Each to his own. I'm certain you could run that setup all day long with a trolling motor - but it certainly wouldn't be my first choice...


----------



## Lostmen97 (Jul 9, 2018)

lemaymiami said:


> That Marquesa was very carefully designed for a specific range of motors.... Why would you want to overpower it (and add weight in the stern that it absolutely does not need...)?
> 
> A year or two back I got to run a Marquesa that was set up with a big heavy motor (and just to compound the weight problem... it had a jack plate so the weight of the motor really acted on the stern of that skiff...). I didn't say much to the owner about it since I'll run anyone's skiff if that's what I'm booked for... Can't remember what size the motor was - but I do remember how much of a hassle it was to pole since the motor was set back from the transom with that jackplate... I thought then that if it was mine - the jackplate would be the first thing to go - and right after it that heavy motor...
> 
> Each to his own. I'm certain you could run that setup all day long with a trolling motor - but it certainly wouldn't be my first choice...
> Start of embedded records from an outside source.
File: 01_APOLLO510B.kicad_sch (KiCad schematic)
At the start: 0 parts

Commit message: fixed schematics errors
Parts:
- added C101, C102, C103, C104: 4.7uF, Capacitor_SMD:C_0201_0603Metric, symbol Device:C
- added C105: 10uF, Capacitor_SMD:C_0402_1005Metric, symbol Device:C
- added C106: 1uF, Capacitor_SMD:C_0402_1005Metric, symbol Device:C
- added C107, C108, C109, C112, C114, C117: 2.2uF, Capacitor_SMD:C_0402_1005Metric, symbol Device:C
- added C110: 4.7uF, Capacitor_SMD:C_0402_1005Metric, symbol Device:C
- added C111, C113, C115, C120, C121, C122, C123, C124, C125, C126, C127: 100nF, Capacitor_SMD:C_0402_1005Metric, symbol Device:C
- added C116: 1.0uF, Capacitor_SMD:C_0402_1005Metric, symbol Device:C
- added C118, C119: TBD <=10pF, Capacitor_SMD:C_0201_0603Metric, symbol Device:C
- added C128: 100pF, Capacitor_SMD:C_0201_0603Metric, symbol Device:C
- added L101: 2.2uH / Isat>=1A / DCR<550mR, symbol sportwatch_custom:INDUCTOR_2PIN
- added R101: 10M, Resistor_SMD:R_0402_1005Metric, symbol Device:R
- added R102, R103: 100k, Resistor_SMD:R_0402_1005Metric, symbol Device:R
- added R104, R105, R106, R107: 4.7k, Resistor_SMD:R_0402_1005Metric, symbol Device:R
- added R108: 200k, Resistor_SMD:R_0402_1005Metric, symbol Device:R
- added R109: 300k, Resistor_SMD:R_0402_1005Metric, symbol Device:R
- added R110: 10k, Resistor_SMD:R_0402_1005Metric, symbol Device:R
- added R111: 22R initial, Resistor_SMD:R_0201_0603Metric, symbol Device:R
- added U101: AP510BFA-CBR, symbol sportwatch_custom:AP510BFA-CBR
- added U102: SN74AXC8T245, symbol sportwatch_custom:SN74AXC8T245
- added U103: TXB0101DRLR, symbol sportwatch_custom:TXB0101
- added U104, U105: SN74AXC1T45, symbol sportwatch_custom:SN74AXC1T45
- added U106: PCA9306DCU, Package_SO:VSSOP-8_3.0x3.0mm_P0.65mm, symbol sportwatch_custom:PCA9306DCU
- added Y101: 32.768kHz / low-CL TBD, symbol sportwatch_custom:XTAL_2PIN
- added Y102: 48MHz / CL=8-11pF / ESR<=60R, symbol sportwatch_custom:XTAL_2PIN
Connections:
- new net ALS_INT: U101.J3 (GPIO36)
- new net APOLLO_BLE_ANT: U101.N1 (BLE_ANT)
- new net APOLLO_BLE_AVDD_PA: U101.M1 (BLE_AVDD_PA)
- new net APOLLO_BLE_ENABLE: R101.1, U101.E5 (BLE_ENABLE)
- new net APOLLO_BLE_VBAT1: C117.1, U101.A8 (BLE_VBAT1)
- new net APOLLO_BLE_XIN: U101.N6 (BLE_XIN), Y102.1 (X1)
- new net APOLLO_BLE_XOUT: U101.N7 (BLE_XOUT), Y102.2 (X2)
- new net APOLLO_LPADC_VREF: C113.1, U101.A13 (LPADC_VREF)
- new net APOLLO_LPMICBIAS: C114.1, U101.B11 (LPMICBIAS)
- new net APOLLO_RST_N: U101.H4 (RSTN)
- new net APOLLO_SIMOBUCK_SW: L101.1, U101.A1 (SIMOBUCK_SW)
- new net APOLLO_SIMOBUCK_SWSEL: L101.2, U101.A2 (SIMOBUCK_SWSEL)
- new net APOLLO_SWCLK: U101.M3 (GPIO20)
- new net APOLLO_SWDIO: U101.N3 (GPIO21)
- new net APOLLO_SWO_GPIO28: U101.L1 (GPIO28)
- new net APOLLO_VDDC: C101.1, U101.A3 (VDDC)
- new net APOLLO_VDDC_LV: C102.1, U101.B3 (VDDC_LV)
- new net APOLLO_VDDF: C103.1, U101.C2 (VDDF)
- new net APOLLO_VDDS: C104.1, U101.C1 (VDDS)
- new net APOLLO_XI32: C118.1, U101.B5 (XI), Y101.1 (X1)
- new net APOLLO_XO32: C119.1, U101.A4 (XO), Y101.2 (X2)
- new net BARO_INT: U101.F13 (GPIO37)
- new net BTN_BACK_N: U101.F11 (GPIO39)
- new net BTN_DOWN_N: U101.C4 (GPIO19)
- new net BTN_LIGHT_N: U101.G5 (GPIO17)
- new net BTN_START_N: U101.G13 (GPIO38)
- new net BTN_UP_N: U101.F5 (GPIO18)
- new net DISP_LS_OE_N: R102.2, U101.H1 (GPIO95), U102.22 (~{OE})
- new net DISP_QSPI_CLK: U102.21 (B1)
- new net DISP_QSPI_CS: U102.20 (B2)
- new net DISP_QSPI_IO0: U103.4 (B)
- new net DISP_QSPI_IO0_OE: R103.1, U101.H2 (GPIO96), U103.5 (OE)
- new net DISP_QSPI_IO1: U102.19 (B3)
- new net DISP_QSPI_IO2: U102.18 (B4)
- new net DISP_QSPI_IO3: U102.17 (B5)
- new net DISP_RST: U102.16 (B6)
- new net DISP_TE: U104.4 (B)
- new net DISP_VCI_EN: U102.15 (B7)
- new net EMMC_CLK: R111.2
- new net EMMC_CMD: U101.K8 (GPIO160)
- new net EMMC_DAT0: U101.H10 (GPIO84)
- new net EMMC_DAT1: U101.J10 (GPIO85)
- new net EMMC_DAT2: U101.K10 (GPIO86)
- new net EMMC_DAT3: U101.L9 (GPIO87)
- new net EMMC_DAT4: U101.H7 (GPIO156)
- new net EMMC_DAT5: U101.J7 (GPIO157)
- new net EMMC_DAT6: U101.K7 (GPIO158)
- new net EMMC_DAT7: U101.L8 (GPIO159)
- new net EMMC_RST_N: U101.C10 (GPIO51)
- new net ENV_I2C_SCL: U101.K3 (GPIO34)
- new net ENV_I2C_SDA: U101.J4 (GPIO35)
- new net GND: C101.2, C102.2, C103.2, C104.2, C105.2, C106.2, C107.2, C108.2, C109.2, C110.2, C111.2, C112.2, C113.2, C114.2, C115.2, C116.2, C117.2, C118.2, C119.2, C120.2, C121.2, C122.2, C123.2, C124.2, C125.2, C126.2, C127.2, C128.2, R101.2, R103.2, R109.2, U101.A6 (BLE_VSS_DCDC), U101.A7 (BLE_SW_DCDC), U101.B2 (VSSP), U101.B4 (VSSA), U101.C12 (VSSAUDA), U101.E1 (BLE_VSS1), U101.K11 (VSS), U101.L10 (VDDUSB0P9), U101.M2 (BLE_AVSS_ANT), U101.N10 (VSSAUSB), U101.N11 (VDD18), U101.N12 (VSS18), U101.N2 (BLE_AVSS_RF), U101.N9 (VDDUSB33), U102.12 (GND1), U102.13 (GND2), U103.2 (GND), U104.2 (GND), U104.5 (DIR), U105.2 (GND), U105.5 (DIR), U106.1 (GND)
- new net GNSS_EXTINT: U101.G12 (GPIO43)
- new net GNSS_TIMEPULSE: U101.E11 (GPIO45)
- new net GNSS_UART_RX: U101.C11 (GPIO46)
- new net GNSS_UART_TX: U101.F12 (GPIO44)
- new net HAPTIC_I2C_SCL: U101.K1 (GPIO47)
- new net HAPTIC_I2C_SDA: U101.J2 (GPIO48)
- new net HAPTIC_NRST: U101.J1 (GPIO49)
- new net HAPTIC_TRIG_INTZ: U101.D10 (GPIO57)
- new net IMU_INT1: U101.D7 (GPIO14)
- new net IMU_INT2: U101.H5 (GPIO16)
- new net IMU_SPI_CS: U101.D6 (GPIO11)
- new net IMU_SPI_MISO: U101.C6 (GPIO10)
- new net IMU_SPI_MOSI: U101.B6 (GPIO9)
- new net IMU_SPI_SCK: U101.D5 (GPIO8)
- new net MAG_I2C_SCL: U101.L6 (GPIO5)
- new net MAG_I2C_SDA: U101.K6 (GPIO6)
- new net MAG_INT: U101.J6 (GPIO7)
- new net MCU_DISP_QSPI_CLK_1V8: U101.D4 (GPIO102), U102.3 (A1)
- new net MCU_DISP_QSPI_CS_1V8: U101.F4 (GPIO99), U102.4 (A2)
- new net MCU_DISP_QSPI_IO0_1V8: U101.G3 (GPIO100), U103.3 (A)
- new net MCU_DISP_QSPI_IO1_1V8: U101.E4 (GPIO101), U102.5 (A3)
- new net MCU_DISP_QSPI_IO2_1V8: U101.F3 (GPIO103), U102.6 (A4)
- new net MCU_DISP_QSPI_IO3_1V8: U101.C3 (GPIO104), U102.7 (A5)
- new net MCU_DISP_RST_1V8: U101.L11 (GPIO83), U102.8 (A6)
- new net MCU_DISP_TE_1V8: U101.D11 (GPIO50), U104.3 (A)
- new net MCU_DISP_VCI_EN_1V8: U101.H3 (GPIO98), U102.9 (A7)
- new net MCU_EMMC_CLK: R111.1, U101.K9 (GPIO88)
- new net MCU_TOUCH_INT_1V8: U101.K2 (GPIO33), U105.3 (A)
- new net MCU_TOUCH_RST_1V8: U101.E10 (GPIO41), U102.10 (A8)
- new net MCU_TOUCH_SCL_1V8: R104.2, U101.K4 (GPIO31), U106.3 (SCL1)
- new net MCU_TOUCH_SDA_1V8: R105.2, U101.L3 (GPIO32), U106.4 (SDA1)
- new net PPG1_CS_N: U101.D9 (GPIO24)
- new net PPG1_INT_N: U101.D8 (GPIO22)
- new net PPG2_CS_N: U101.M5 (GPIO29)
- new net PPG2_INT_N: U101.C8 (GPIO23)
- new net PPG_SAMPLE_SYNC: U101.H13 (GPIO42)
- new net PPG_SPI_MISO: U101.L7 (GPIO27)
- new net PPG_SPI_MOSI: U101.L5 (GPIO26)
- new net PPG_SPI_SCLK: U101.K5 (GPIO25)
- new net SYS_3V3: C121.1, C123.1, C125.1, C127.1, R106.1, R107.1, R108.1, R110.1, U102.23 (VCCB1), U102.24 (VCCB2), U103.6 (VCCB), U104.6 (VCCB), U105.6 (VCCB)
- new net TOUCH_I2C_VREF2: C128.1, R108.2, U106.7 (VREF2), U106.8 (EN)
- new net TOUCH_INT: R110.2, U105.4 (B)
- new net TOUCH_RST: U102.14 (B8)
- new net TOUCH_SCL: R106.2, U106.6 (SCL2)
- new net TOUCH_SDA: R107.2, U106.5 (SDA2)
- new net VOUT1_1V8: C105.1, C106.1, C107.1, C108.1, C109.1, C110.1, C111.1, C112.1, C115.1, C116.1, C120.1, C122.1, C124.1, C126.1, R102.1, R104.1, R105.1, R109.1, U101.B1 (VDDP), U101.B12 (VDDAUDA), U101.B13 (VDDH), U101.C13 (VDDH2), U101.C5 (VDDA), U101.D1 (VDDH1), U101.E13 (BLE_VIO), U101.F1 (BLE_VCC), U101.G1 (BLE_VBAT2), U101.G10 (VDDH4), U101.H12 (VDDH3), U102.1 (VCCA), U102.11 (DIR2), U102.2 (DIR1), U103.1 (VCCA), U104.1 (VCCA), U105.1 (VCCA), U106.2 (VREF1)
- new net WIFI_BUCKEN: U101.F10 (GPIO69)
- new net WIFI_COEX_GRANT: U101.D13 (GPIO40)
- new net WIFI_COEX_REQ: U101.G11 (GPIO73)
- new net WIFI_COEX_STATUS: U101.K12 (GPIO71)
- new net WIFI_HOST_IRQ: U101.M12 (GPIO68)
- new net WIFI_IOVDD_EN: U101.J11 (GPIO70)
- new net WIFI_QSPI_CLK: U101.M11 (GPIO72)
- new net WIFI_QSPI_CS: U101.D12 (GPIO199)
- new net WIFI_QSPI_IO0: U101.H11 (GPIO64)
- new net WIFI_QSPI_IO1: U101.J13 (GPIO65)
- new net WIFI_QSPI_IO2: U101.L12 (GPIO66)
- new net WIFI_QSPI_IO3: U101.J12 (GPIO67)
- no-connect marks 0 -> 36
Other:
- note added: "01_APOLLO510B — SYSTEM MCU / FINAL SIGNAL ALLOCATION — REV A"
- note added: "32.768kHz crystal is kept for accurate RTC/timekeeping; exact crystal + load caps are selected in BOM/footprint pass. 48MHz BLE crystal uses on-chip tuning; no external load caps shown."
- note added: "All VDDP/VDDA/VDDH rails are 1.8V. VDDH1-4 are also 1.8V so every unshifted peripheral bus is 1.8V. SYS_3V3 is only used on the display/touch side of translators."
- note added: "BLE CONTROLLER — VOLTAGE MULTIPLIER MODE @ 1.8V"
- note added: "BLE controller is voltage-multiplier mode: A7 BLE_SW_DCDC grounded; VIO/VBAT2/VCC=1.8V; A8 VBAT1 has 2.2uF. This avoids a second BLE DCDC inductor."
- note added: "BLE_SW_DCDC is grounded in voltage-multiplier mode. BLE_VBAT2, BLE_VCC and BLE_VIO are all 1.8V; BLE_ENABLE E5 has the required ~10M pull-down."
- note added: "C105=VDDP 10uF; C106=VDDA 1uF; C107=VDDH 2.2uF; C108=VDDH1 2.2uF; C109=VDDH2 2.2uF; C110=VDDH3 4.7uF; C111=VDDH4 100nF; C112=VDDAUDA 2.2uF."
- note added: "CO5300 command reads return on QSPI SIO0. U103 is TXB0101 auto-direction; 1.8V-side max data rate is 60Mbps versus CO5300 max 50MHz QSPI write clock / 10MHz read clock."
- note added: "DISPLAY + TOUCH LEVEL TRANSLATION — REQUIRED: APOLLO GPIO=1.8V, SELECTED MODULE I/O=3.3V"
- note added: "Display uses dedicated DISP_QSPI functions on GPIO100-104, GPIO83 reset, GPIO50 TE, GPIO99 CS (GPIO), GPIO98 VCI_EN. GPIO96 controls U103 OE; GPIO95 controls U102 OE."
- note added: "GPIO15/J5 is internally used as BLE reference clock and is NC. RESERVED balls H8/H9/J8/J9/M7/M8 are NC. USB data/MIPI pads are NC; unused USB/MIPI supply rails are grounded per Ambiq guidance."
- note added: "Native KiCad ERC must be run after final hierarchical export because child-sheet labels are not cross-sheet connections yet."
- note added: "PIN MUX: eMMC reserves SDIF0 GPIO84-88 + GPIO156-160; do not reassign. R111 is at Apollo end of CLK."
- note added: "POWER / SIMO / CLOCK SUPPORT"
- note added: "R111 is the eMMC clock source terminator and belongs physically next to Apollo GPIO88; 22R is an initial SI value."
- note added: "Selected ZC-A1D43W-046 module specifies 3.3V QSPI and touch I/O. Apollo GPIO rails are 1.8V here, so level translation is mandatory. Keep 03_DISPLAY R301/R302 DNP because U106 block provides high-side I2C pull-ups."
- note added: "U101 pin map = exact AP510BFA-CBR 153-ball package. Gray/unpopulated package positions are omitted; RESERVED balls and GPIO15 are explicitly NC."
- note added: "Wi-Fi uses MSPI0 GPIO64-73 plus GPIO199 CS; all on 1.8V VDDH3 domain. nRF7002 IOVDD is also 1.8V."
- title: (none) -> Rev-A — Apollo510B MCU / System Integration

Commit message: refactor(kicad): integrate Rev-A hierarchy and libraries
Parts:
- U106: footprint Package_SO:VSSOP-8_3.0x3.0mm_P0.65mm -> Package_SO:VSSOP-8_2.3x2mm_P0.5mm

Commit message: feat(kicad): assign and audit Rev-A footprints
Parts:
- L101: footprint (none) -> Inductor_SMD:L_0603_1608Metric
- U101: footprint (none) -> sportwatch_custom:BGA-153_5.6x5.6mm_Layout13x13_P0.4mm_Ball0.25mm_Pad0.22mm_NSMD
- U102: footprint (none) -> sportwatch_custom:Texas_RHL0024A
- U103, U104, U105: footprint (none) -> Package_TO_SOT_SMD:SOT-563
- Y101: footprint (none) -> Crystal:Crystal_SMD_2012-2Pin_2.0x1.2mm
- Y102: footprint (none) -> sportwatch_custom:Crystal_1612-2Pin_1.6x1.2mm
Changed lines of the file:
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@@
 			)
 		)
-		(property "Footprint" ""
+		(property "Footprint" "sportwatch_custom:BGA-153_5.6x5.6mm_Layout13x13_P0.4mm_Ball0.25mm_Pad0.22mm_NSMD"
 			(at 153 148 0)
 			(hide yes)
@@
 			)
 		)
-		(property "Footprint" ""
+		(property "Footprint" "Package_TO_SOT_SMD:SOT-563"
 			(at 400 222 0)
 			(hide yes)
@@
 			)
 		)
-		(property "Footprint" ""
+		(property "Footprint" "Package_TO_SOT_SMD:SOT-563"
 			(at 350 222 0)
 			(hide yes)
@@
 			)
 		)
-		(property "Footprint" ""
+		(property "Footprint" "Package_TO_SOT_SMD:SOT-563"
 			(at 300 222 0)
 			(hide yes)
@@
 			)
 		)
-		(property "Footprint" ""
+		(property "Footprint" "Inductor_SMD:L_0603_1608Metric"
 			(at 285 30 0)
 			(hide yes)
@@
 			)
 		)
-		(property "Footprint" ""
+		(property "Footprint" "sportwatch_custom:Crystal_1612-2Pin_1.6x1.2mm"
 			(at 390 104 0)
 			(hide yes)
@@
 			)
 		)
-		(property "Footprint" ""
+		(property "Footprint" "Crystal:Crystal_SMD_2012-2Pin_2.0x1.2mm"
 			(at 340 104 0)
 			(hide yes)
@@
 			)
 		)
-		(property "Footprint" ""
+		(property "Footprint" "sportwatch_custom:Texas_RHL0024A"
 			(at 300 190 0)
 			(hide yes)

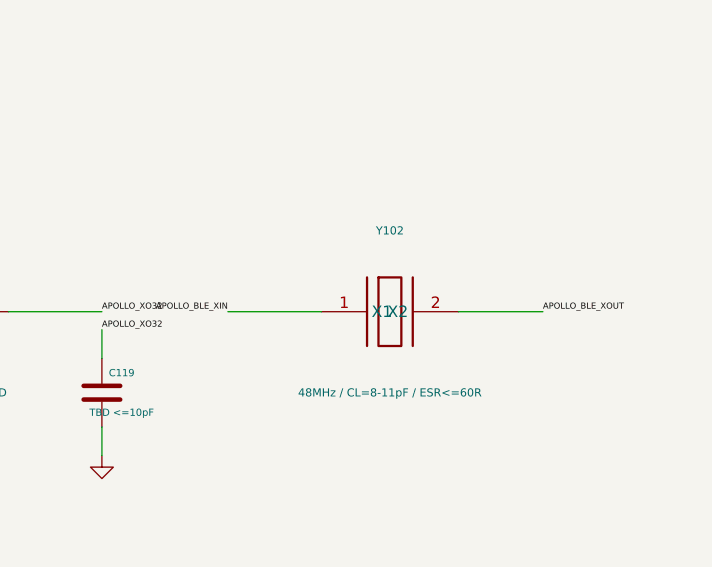
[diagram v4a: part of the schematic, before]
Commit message: fix(pcba): resolve post-footprint freeze sanity items and freeze footprints
- Resolve Flatpak KICAD10_SYMBOL_DIR path discrepancy, reducing lib_symbol_issues to 0
- Re-audit Y1 and Y102 crystals against NDK NX1612SA; ground pads 2/4 for RF shield
- Reclassify SW1..SW5, J201, and J202 as Class C pending mechanical enclosure freeze
- Verify native ERC (0 errors), 83 interfaces (checked=83 mismatches=0), and 0 unintended net changes
- Add docs/project/post_footprint_freeze_sanity.md with FOOTPRINT FREEZE: PASS
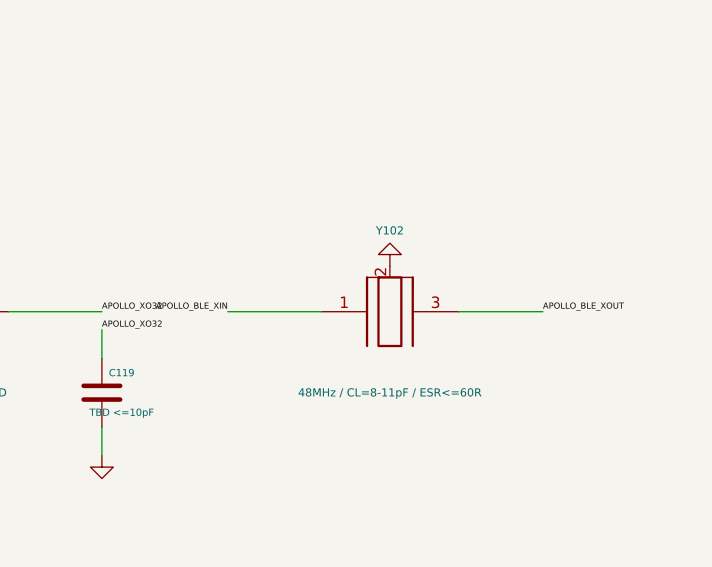
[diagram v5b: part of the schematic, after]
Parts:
- Y102: footprint sportwatch_custom:Crystal_1612-2Pin_1.6x1.2mm -> sportwatch_custom:Crystal_1612-4Pin_1.6x1.2mm; symbol sportwatch_custom:XTAL_2PIN -> sportwatch_custom:Crystal_1612-4Pin_GND
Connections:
- net APOLLO_BLE_XOUT: now also Y102.3; no longer Y102.2 (X2)
- net GND: now also Y102.2 (GND), Y102.4 (GND)
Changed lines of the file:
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@@
 	)
 	(symbol
-		(lib_id "sportwatch_custom:XTAL_2PIN")
+		(lib_id "sportwatch_custom:Crystal_1612-4Pin_GND")
 		(at 390 104 0)
 		(unit 1)
@@
 			)
 		)
-		(property "Footprint" "sportwatch_custom:Crystal_1612-2Pin_1.6x1.2mm"
+		(property "Footprint" "sportwatch_custom:Crystal_1612-4Pin_1.6x1.2mm"
 			(at 390 104 0)
 			(hide yes)
@@
 		(pin "1"
 		)
+		(pin "3"
+		)
 		(pin "2"
+		)
+		(pin "4"
 		)
 		(instances
@@
 					(unit 1)
 				)
+			)
+		)
+	)
+	(symbol
+		(lib_id "power:GND")
+		(at 390 98.92 180)
+		(unit 1)
+		(body_style 1)
+		(exclude_from_sim no)
+		(in_bom yes)
+		(on_board yes)
+		(in_pos_files yes)
+		(dnp no)
+		(property "Reference" "#PWR0191"
+			(at 390 98.92 0)
+			(hide yes)
+			(show_name no)
+			(do_not_autoplace no)
+			(effects
+				(font
+					(size 1.27 1.27)
+				)
+			)
+		)
+		(property "Value" "GND"
+			(at 390 102.73 0)
+			(hide yes)
+			(show_name no)
+			(do_not_autoplace no)
+			(effects
+				(font
+					(size 1.27 1.27)
+				)
+			)
+		)
+		(property "Footprint" ""
+			(at 390 98.92 0)
+			(hide yes)
+			(show_name no)
+			(do_not_autoplace no)
+			(effects
+				(font
+					(size 1.27 1.27)
+				)
+			)
+		)
+		(property "Datasheet" ""
+			(at 390 98.92 0)
+			(hide yes)
+			(show_name no)
+			(do_not_autoplace no)
+			(effects
+				(font
+					(size 1.27 1.27)
+				)
+			)
+		)
+		(property "Description" ""
+			(at 390 98.92 0)
+			(hide yes)
+			(show_name no)
+			(do_not_autoplace no)
+			(effects
+				(font
+					(size 1.27 1.27)
+				)
+			)
+		)
+		(pin "1"
+		)
+		(instances
+			(project "sportwatch_revA"
+				(path "/063f9d99-6c07-44cf-ba32-e33897e06972/32562f69-31ef-430f-b0b9-492916776cb7"
+					(reference "#PWR0191")
+					(unit 1)
+				)

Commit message: fix(pcb): Round 3 foundation correction — 0 DRC errors, stacked microvias, PPG ECO & guards
- Eliminate 24 committed DRC errors by refilling all zones and committing refilled state
- Rebuild 12 L1->L3 skip microvias as 24 stackup-compliant stacked L1->L2 + L2->L3 microvias (VIPPO IPC-4761 Type VII)
- Harmonize HighSpeed_50R track width to 0.100 mm across .kicad_pro, .kicad_dru, and live copper
- Execute controlled schematic ECO swapping D413 and D424 detector channels, eliminating Jordan curve crossing
- Route all 4 PPG detector channels pad-to-pad on B.Cu with continuous dedicated PD_GND ground guards
- Close schematic residuals: Y101 MPN ABS07-32.768KHZ-6-T and 8.2pF load caps, cite primary sources for Y102 and Y1 on-chip trim, cite u-blox manual for U8 VCC_RF NC
- Formally defer staged passives (eMMC interface, PPG VLED, C206) with documented reserved placement corridors
- Document comprehensive Round 3 report and update Apollo/eMMC escape matrices and AGENT_HANDOFF.md
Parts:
- C118, C119: value TBD <=10pF -> 8.2pF
- Y101: value 32.768kHz / low-CL TBD -> ABS07-32.768KHZ-6-T
- Y102: value 48MHz / CL=8-11pF / ESR<=60R -> NX1612SA-48M-EXS00A-CS14265
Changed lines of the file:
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@@
 			)
 		)
-		(property "Value" "TBD <=10pF"
+		(property "Value" "8.2pF"
 			(at 324.2 115.2 0)
 			(show_name no)
@@
 			)
 		)
-		(property "Value" "48MHz / CL=8-11pF / ESR<=60R"
+		(property "Value" "NX1612SA-48M-EXS00A-CS14265"
 			(at 390 113 0)
 			(show_name no)
@@
 			)
 		)
-		(property "Value" "32.768kHz / low-CL TBD"
+		(property "Value" "ABS07-32.768KHZ-6-T"
 			(at 340 113 0)
 			(show_name no)
@@
 			)
 		)
-		(property "Value" "TBD <=10pF"
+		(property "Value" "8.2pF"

It’s rated up to a 150....


----------



## Matts (Sep 2, 2015)

I think that would be one big.....squat. I've seen a HB add with WAY to large of an engine on the back and the skiff had barely 3" of free board. No way I would put a 150 on a Marquesa. Defeats the purpose, unless you never plan to fish shallow water.
Best, 
Matt


----------



## formerWAflyfisher (Sep 5, 2008)

^^^^ What he said. I have an 05 with a New Suzuki 90, with three people this morning spin/fly gear, TM (3 batteries) and big cooler we topped out 37-39mph, cruise 31-33. It’s still a very good poling boat with a 90. Anything Over a 115 and it’ll squat. I think the Yamaha 2 stroke 90 would be the best motor for this boat. Otherwise get an 189 Egret if your not gonna be poling.


----------



## prinjm6 (May 13, 2015)

I've seen one in Hopedale that had a Merc 150 pro xs 2 stroke, green hull I believe. Someone out there has one!


----------



## Guest (Jun 17, 2019)

My thought is if ya wanna go fast, get a go fast boat. Shipoke, Ranger, Intrepid 20, Etc... there are many flats boats out there that can take the power for that adrenalin rush of speed. Poling skiffs were never meant to go fast but most do what they were designed for pretty well until we over load and over power them.


----------



## Smackdaddy53 (Dec 31, 2012)

formerWAflyfisher said:


> ^^^^ What he said. I have an 05 with a New Suzuki 90, with three people this morning spin/fly gear, TM (3 batteries) and big cooler we topped out 37-39mph, cruise 31-33. It’s still a very good poling boat with a 90. Anything Over a 115 and it’ll squat. I think the Yamaha 2 stroke 90 would be the best motor for this boat. Otherwise get an 189 Egret if your not gonna be poling.


No one listens even if you own the boat they are asking about. Hell why not hang a 175 on it and run 60 then swamp it every time you come off plane? Just run the bilge all the time!


----------



## Str8-Six (Jul 6, 2015)

Yamaha 115 or sho - 377lbs
Pro XS 115 - 359lbs
Suzuki 140hp - 394lbs

Suzuki 140 is probably biggest I’d go. It’s only 20lbs heavier then yammy 115. And it’s actually lighter than Suzuki 115


----------



## Lostmen97 (Jul 9, 2018)

formerWAflyfisher said:


> ^^^^ What he said. I have an 05 with a New Suzuki 90, with three people this morning spin/fly gear, TM (3 batteries) and big cooler we topped out 37-39mph, cruise 31-33. It’s still a very good poling boat with a 90. Anything Over a 115 and it’ll squat. I think the Yamaha 2 stroke 90 would be the best motor for this boat. Otherwise get an 189 Egret if your not gonna be poling.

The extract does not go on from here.